Content starts
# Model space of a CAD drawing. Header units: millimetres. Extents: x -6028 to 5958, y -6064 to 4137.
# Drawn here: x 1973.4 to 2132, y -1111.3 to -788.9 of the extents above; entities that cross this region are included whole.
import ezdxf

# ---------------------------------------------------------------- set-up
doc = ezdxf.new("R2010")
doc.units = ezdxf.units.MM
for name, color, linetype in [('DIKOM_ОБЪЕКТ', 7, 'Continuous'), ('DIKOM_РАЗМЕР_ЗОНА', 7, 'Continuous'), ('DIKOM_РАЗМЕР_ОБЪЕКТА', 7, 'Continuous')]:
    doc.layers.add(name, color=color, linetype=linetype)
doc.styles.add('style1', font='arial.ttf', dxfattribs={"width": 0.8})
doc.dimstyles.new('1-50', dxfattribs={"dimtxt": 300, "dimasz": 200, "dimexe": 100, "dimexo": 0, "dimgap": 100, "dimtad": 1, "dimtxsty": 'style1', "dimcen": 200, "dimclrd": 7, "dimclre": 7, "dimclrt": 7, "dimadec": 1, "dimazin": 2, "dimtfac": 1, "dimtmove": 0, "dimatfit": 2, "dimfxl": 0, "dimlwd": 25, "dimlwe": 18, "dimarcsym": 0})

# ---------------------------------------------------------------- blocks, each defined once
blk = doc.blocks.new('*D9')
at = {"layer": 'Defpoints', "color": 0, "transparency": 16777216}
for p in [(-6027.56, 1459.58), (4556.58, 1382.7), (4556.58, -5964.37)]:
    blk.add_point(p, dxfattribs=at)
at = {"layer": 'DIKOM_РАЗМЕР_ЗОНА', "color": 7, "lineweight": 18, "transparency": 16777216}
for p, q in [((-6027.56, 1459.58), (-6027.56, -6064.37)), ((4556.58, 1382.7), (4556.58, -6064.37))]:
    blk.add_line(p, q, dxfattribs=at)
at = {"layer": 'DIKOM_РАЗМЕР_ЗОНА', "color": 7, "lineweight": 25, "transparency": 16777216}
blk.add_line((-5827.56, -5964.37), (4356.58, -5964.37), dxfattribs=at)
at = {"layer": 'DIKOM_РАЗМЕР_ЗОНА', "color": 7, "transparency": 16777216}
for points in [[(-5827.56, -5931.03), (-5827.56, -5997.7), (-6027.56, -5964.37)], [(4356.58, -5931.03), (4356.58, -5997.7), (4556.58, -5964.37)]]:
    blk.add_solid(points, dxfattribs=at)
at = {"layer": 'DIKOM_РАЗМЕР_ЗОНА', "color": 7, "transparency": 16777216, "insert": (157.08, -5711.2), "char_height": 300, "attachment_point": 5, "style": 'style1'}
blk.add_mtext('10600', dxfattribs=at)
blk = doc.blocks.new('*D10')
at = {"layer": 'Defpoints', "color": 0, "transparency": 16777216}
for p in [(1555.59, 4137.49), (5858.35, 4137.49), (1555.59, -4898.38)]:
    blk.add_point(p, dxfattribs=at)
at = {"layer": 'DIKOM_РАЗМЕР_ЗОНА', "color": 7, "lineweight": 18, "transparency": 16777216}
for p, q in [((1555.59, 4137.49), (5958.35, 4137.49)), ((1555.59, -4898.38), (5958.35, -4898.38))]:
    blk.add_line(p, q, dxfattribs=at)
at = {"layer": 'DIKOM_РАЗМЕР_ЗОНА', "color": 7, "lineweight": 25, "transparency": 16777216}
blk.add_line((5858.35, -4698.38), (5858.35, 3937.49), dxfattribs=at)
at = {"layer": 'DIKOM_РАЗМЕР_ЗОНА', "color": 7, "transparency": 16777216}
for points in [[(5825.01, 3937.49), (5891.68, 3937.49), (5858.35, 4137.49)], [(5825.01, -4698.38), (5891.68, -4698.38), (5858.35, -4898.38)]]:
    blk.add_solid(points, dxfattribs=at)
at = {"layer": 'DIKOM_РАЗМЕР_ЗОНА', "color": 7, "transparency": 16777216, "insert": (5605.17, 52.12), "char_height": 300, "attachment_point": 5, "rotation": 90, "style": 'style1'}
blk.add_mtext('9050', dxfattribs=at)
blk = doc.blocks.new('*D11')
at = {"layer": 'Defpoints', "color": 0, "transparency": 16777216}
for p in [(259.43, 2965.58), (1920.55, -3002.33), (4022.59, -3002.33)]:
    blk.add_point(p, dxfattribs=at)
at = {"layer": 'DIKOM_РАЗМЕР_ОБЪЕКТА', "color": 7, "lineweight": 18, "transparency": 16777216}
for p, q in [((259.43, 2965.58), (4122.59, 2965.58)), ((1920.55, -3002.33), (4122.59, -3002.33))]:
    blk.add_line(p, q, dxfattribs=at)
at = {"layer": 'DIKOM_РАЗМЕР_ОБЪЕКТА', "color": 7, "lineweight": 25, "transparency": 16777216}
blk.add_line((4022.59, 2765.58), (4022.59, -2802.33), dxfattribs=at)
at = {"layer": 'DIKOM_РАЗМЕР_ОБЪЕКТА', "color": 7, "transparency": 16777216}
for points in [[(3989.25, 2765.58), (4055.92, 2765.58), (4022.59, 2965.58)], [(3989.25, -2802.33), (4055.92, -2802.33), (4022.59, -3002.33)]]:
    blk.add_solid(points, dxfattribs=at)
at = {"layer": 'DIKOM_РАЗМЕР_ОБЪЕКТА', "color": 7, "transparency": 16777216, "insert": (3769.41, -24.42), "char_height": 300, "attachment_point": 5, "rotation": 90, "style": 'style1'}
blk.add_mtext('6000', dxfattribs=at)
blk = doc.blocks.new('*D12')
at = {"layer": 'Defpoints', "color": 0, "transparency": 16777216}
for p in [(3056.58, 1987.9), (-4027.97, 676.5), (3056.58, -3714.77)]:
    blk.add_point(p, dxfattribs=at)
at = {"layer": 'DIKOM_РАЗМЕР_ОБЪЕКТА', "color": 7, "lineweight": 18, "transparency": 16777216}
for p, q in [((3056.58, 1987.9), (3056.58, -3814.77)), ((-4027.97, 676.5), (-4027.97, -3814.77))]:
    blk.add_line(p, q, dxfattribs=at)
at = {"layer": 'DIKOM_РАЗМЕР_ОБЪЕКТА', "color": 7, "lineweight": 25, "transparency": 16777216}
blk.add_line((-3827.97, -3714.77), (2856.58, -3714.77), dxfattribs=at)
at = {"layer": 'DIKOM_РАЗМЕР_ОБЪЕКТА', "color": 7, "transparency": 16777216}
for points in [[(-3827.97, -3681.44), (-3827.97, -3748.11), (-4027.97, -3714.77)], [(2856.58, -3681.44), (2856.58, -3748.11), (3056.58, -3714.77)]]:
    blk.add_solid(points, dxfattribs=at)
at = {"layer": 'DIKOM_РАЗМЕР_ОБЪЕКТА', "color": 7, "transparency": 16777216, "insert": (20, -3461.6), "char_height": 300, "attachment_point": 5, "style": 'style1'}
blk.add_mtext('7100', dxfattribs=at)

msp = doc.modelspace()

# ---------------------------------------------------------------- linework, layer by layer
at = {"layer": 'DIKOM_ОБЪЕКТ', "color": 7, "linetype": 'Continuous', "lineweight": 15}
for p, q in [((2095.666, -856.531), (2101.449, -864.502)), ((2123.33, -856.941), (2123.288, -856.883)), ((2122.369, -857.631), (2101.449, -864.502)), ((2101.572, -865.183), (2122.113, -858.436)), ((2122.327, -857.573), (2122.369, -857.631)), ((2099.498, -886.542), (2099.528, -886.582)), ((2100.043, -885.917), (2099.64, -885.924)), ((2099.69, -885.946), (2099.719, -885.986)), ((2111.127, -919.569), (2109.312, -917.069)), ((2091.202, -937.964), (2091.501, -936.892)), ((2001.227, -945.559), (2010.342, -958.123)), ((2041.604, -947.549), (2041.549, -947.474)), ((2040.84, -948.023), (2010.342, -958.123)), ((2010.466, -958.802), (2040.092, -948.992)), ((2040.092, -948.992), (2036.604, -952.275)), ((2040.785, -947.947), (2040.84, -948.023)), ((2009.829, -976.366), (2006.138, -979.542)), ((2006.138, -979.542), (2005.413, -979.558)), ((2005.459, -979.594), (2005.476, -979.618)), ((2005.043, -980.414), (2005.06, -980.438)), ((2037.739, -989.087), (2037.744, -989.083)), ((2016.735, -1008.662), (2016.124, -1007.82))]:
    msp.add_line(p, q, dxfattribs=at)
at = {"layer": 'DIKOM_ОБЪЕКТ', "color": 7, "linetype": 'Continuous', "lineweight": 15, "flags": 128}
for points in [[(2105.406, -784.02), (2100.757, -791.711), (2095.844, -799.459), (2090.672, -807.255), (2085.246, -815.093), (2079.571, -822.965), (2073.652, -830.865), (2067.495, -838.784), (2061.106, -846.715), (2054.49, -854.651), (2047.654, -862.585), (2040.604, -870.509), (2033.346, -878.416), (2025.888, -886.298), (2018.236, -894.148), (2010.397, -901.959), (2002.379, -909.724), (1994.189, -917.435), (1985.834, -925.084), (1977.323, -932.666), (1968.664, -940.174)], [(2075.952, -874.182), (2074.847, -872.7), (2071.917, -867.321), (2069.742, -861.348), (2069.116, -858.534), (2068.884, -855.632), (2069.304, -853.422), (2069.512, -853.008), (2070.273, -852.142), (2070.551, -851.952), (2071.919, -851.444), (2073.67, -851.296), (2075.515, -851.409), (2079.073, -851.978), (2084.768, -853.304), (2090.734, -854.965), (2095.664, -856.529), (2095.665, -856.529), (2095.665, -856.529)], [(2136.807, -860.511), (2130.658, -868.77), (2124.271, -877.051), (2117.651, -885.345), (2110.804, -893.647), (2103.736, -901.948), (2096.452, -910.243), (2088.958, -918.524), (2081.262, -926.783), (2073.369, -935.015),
Content ends
## AIM OF THE TASK
Scan the entries above, and wherever a line holds the string "name", copy it.

## RESPONSE
for name, color, linetype in [('DIKOM_ОБЪЕКТ', 7, 'Continuous'), ('DIKOM_РАЗМЕР_ЗОНА', 7, 'Continuous'), ('DIKOM_РАЗМЕР_ОБЪЕКТА', 7, 'Continuous')]:
    doc.layers.add(name, color=color, linetype=linetype)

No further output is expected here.